In this situation, it was standard procedure that the officer initiating the stop, regardless of rank, was in command and directed the activities of the other officers. It kept things safer that way, rather than having someone new to the situation arrive and start making wrong decisions.
Even though none of his own troops had arrived yet, Coffelt was ready. Over his loudspeaker he ordered the driver of the Hyundai to turn off the engine and throw the keys out, then keep his hands in sight outside the window.
The driver obeyed.
“While still keeping your hands out the window,” Coffelt’s voice boomed through the rooftop speaker, “open up the door using the outside handle.”
In this way, Coffelt would not lose sight of the suspect’s hands. He didn’t want the guy reaching down into the darkened car and coming up with any nasty surprises.
When the door was open, he told the driver to exit the car and walk up the street for about four or five feet.
The driver did as he was told.
“Now get down on your knees and lie on your stomach with your hands extended out to the sides of your body.”
Coffelt started his approach, not taking a direct route to the suspect but walking alongside his own unit, then going to the rear of the suspect’s car, where he could see inside the vehicle for anyone else.
In a crouch, he came around the driver’s side. As he did, he dragged the palm of his hand across the trunk lid to feel for movement inside.
When he reached the suspect, Coffelt ordered him not to move. He took one of the man’s hands and held it behind his back, which would aid him in controlling the suspect should he try to get up off the ground. He then directed the man to put his other hand behind his head.
Coffelt slapped the cuffs on the suspect.

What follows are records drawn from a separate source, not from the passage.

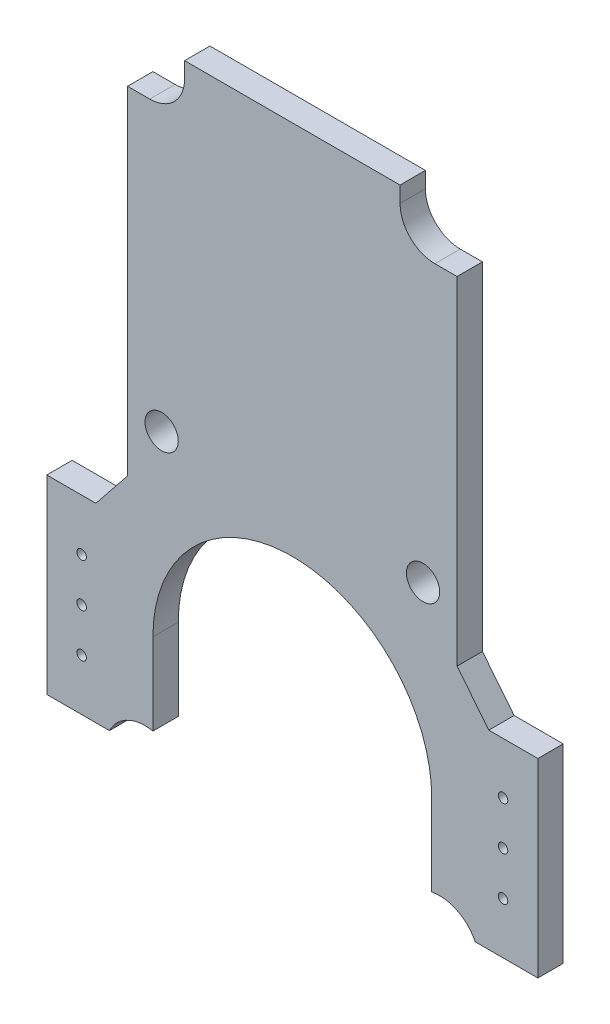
ISO-10303-21;
HEADER;
FILE_DESCRIPTION(('STEP AP214'),'2;1');
FILE_NAME('part.step','',(''),(''),'','','');
FILE_SCHEMA(('AUTOMOTIVE_DESIGN { 1 0 10303 214 1 1 1 1 }'));
ENDSEC;
DATA;
#1=APPLICATION_CONTEXT('core data for automotive mechanical design processes');
#2=APPLICATION_PROTOCOL_DEFINITION('international standard','automotive_design',2000,#1);
#3=PRODUCT_CONTEXT('',#1,'mechanical');
#4=PRODUCT('Part','Part','',(#3));
#5=PRODUCT_RELATED_PRODUCT_CATEGORY('part','',(#4));
#6=PRODUCT_DEFINITION_FORMATION('','',#4);
#7=PRODUCT_DEFINITION_CONTEXT('part definition',#1,'design');
#8=PRODUCT_DEFINITION('design','',#6,#7);
#9=PRODUCT_DEFINITION_SHAPE('','',#8);
#10=(LENGTH_UNIT() NAMED_UNIT(*) SI_UNIT(.MILLI.,.METRE.));
#11=(NAMED_UNIT(*) PLANE_ANGLE_UNIT() SI_UNIT($,.RADIAN.));
#12=(NAMED_UNIT(*) SI_UNIT($,.STERADIAN.) SOLID_ANGLE_UNIT());
#13=UNCERTAINTY_MEASURE_WITH_UNIT(LENGTH_MEASURE(1.E-05),#10,'distance_accuracy_value','');
#14=(GEOMETRIC_REPRESENTATION_CONTEXT(3) GLOBAL_UNCERTAINTY_ASSIGNED_CONTEXT((#13)) GLOBAL_UNIT_ASSIGNED_CONTEXT((#10,
#11,#12)) REPRESENTATION_CONTEXT('',''));
#15=CARTESIAN_POINT('',(0.,0.,0.));
#16=DIRECTION('',(0.,0.,1.));
#17=DIRECTION('',(1.,0.,0.));
#18=AXIS2_PLACEMENT_3D('',#15,#16,#17);
#19=CARTESIAN_POINT('',(13.3,-23.,0.));
#20=DIRECTION('',(0.,0.,1.));
#21=DIRECTION('',(1.,0.,0.));
#22=AXIS2_PLACEMENT_3D('',#19,#20,#21);
#23=CYLINDRICAL_SURFACE('',#22,0.299999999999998);
#24=CARTESIAN_POINT('',(13.3,-23.,1.6));
#25=DIRECTION('',(0.,0.,1.));
#26=DIRECTION('',(1.,0.,0.));
#27=AXIS2_PLACEMENT_3D('',#24,#25,#26);
#28=CIRCLE('',#27,0.299999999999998);
#29=CARTESIAN_POINT('',(13.6,-23.,1.6));
#30=VERTEX_POINT('',#29);
#31=EDGE_CURVE('E314',#30,#30,#28,.F.);
#32=ORIENTED_EDGE('',*,*,#31,.F.);
#33=EDGE_LOOP('',(#32));
#34=FACE_BOUND('',#33,.T.);
#35=CARTESIAN_POINT('',(13.3,-23.,0.));
#36=DIRECTION('',(0.,0.,1.));
#37=DIRECTION('',(1.,0.,0.));
#38=AXIS2_PLACEMENT_3D('',#35,#36,#37);
#39=CIRCLE('',#38,0.299999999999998);
#40=CARTESIAN_POINT('',(13.6,-23.,0.));
#41=VERTEX_POINT('',#40);
#42=EDGE_CURVE('E257',#41,#41,#39,.F.);
#43=ORIENTED_EDGE('',*,*,#42,.T.);
#44=EDGE_LOOP('',(#43));
#45=FACE_BOUND('',#44,.T.);
#46=ADVANCED_FACE('F17',(#34,#45),#23,.F.);
#47=CARTESIAN_POINT('',(13.3,-25.75,0.));
#48=DIRECTION('',(0.,0.,1.));
#49=DIRECTION('',(1.,0.,0.));
#50=AXIS2_PLACEMENT_3D('',#47,#48,#49);
#51=CYLINDRICAL_SURFACE('',#50,0.299999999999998);
#52=CARTESIAN_POINT('',(13.3,-25.75,1.6));
#53=DIRECTION('',(0.,0.,1.));
#54=DIRECTION('',(1.,0.,0.));
#55=AXIS2_PLACEMENT_3D('',#52,#53,#54);
#56=CIRCLE('',#55,0.299999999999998);
#57=CARTESIAN_POINT('',(13.6,-25.75,1.6));
#58=VERTEX_POINT('',#57);
#59=EDGE_CURVE('E311',#58,#58,#56,.F.);
#60=ORIENTED_EDGE('',*,*,#59,.F.);
#61=EDGE_LOOP('',(#60));
#62=FACE_BOUND('',#61,.T.);
#63=CARTESIAN_POINT('',(13.3,-25.75,0.));
#64=DIRECTION('',(0.,0.,1.));
#65=DIRECTION('',(1.,0.,0.));
#66=AXIS2_PLACEMENT_3D('',#63,#64,#65);
#67=CIRCLE('',#66,0.299999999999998);
#68=CARTESIAN_POINT('',(13.6,-25.75,0.));
#69=VERTEX_POINT('',#68);
#70=EDGE_CURVE('E254',#69,#69,#67,.F.);
#71=ORIENTED_EDGE('',*,*,#70,.T.);
#72=EDGE_LOOP('',(#71));
#73=FACE_BOUND('',#72,.T.);
#74=ADVANCED_FACE('F633',(#62,#73),#51,.F.);
#75=CARTESIAN_POINT('',(-13.3,-25.75,0.));
#76=DIRECTION('',(0.,0.,1.));
#77=DIRECTION('',(1.,0.,0.));
#78=AXIS2_PLACEMENT_3D('',#75,#76,#77);
#79=CYLINDRICAL_SURFACE('',#78,0.3);
#80=CARTESIAN_POINT('',(-13.3,-25.75,1.6));
#81=DIRECTION('',(0.,0.,1.));
#82=DIRECTION('',(1.,0.,0.));
#83=AXIS2_PLACEMENT_3D('',#80,#81,#82);
#84=CIRCLE('',#83,0.3);
#85=CARTESIAN_POINT('',(-13.,-25.75,1.6));
#86=VERTEX_POINT('',#85);
#87=EDGE_CURVE('E308',#86,#86,#84,.F.);
#88=ORIENTED_EDGE('',*,*,#87,.F.);
#89=EDGE_LOOP('',(#88));
#90=FACE_BOUND('',#89,.T.);
#91=CARTESIAN_POINT('',(-13.3,-25.75,0.));
#92=DIRECTION('',(0.,0.,1.));
#93=DIRECTION('',(1.,0.,0.));
#94=AXIS2_PLACEMENT_3D('',#91,#92,#93);
#95=CIRCLE('',#94,0.3);
#96=CARTESIAN_POINT('',(-13.,-25.75,0.));
#97=VERTEX_POINT('',#96);
#98=EDGE_CURVE('E251',#97,#97,#95,.F.);
#99=ORIENTED_EDGE('',*,*,#98,.T.);
#100=EDGE_LOOP('',(#99));
#101=FACE_BOUND('',#100,.T.);
#102=ADVANCED_FACE('F639',(#90,#101),#79,.F.);
#103=CARTESIAN_POINT('',(-13.3,-23.,0.));
#104=DIRECTION('',(0.,0.,1.));
#105=DIRECTION('',(1.,0.,0.));
#106=AXIS2_PLACEMENT_3D('',#103,#104,#105);
#107=CYLINDRICAL_SURFACE('',#106,0.3);
#108=CARTESIAN_POINT('',(-13.3,-23.,1.6));
#109=DIRECTION('',(0.,0.,1.));
#110=DIRECTION('',(1.,0.,0.));
#111=AXIS2_PLACEMENT_3D('',#108,#109,#110);
#112=CIRCLE('',#111,0.3);
#113=CARTESIAN_POINT('',(-13.,-23.,1.6));
#114=VERTEX_POINT('',#113);
#115=EDGE_CURVE('E305',#114,#114,#112,.F.);
#116=ORIENTED_EDGE('',*,*,#115,.F.);
#117=EDGE_LOOP('',(#116));
#118=FACE_BOUND('',#117,.T.);
#119=CARTESIAN_POINT('',(-13.3,-23.,0.));
#120=DIRECTION('',(0.,0.,1.));
#121=DIRECTION('',(1.,0.,0.));
#122=AXIS2_PLACEMENT_3D('',#119,#120,#121);
#123=CIRCLE('',#122,0.3);
#124=CARTESIAN_POINT('',(-13.,-23.,0.));
#125=VERTEX_POINT('',#124);
#126=EDGE_CURVE('E248',#125,#125,#123,.F.);
#127=ORIENTED_EDGE('',*,*,#126,.T.);
#128=EDGE_LOOP('',(#127));
#129=FACE_BOUND('',#128,.T.);
#130=ADVANCED_FACE('F644',(#118,#129),#107,.F.);
#131=CARTESIAN_POINT('',(-13.3,-20.25,0.));
#132=DIRECTION('',(0.,0.,1.));
#133=DIRECTION('',(1.,0.,0.));
#134=AXIS2_PLACEMENT_3D('',#131,#132,#133);
#135=CYLINDRICAL_SURFACE('',#134,0.3);
#136=CARTESIAN_POINT('',(-13.3,-20.25,1.6));
#137=DIRECTION('',(0.,0.,1.));
#138=DIRECTION('',(1.,0.,0.));
#139=AXIS2_PLACEMENT_3D('',#136,#137,#138);
#140=CIRCLE('',#139,0.3);
#141=CARTESIAN_POINT('',(-13.,-20.25,1.6));
#142=VERTEX_POINT('',#141);
#143=EDGE_CURVE('E133',#142,#142,#140,.F.);
#144=ORIENTED_EDGE('',*,*,#143,.F.);
#145=EDGE_LOOP('',(#144));
#146=FACE_BOUND('',#145,.T.);
#147=CARTESIAN_POINT('',(-13.3,-20.25,0.));
#148=DIRECTION('',(0.,0.,1.));
#149=DIRECTION('',(1.,0.,0.));
#150=AXIS2_PLACEMENT_3D('',#147,#148,#149);
#151=CIRCLE('',#150,0.3);
#152=CARTESIAN_POINT('',(-13.,-20.25,0.));
#153=VERTEX_POINT('',#152);
#154=EDGE_CURVE('E21',#153,#153,#151,.F.);
#155=ORIENTED_EDGE('',*,*,#154,.T.);
#156=EDGE_LOOP('',(#155));
#157=FACE_BOUND('',#156,.T.);
#158=ADVANCED_FACE('F323',(#146,#157),#135,.F.);
#159=CARTESIAN_POINT('',(-15.5,-29.,1.6));
#160=DIRECTION('',(0.,0.,1.));
#161=DIRECTION('',(1.,0.,0.));
#162=AXIS2_PLACEMENT_3D('',#159,#160,#161);
#163=PLANE('',#162);
#164=CARTESIAN_POINT('',(8.25,-11.,1.6));
#165=DIRECTION('',(0.,0.,1.));
#166=DIRECTION('',(1.,0.,0.));
#167=AXIS2_PLACEMENT_3D('',#164,#165,#166);
#168=CIRCLE('',#167,1.05);
#169=CARTESIAN_POINT('',(9.3,-11.,1.6));
#170=VERTEX_POINT('',#169);
#171=EDGE_CURVE('E291',#170,#170,#168,.T.);
#172=ORIENTED_EDGE('',*,*,#171,.F.);
#173=EDGE_LOOP('',(#172));
#174=FACE_BOUND('',#173,.T.);
#175=CARTESIAN_POINT('',(-8.25,-11.,1.6));
#176=DIRECTION('',(0.,0.,1.));
#177=DIRECTION('',(1.,0.,0.));
#178=AXIS2_PLACEMENT_3D('',#175,#176,#177);
#179=CIRCLE('',#178,1.05);
#180=CARTESIAN_POINT('',(-7.2,-11.,1.6));
#181=VERTEX_POINT('',#180);
#182=EDGE_CURVE('E150',#181,#181,#179,.T.);
#183=ORIENTED_EDGE('',*,*,#182,.F.);
#184=EDGE_LOOP('',(#183));
#185=FACE_BOUND('',#184,.T.);
#186=ORIENTED_EDGE('',*,*,#143,.T.);
#187=EDGE_LOOP('',(#186));
#188=FACE_BOUND('',#187,.T.);
#189=ORIENTED_EDGE('',*,*,#115,.T.);
#190=EDGE_LOOP('',(#189));
#191=FACE_BOUND('',#190,.T.);
#192=ORIENTED_EDGE('',*,*,#87,.T.);
#193=EDGE_LOOP('',(#192));
#194=FACE_BOUND('',#193,.T.);
#195=ORIENTED_EDGE('',*,*,#59,.T.);
#196=EDGE_LOOP('',(#195));
#197=FACE_BOUND('',#196,.T.);
#198=ORIENTED_EDGE('',*,*,#31,.T.);
#199=EDGE_LOOP('',(#198));
#200=FACE_BOUND('',#199,.T.);
#201=CARTESIAN_POINT('',(13.3,-20.25,1.6));
#202=DIRECTION('',(0.,0.,1.));
#203=DIRECTION('',(1.,0.,0.));
#204=AXIS2_PLACEMENT_3D('',#201,#202,#203);
#205=CIRCLE('',#204,0.299999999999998);
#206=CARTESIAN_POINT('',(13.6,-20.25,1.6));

By then, several of Coffelt’s patrol officers had arrived. Coffelt helped the suspect up off the ground, and patted him down for weapons.
“What’s your name?” Coffelt asked.
The suspect, a middle-aged man with graying hair, kept his head bowed and said nothing.
Coffelt handed him off to another officer to place in the secured rear seat of a patrol car.
The sergeant leaned inside the Hyundai, sweeping the powerful beam
of his flashlight across the seats and floorboards. When he turned around, he was surprised to see the young woman from the parking lot.
“I was afraid to be alone back there,” said Debra Guffie, nervously eyeing the man in the backseat of the patrol car.
She explained that she had run from the lot and followed the flashing lights. As she spoke, she was trying to light a cigarette but her hands trembled so much that she was having great difficulty. Finally, she got it lit and took a couple of puffs, which seemed to steady her a bit.
“He pushed me out of the car when he saw you,” she explained. “Threw my purse and jacket out, too.”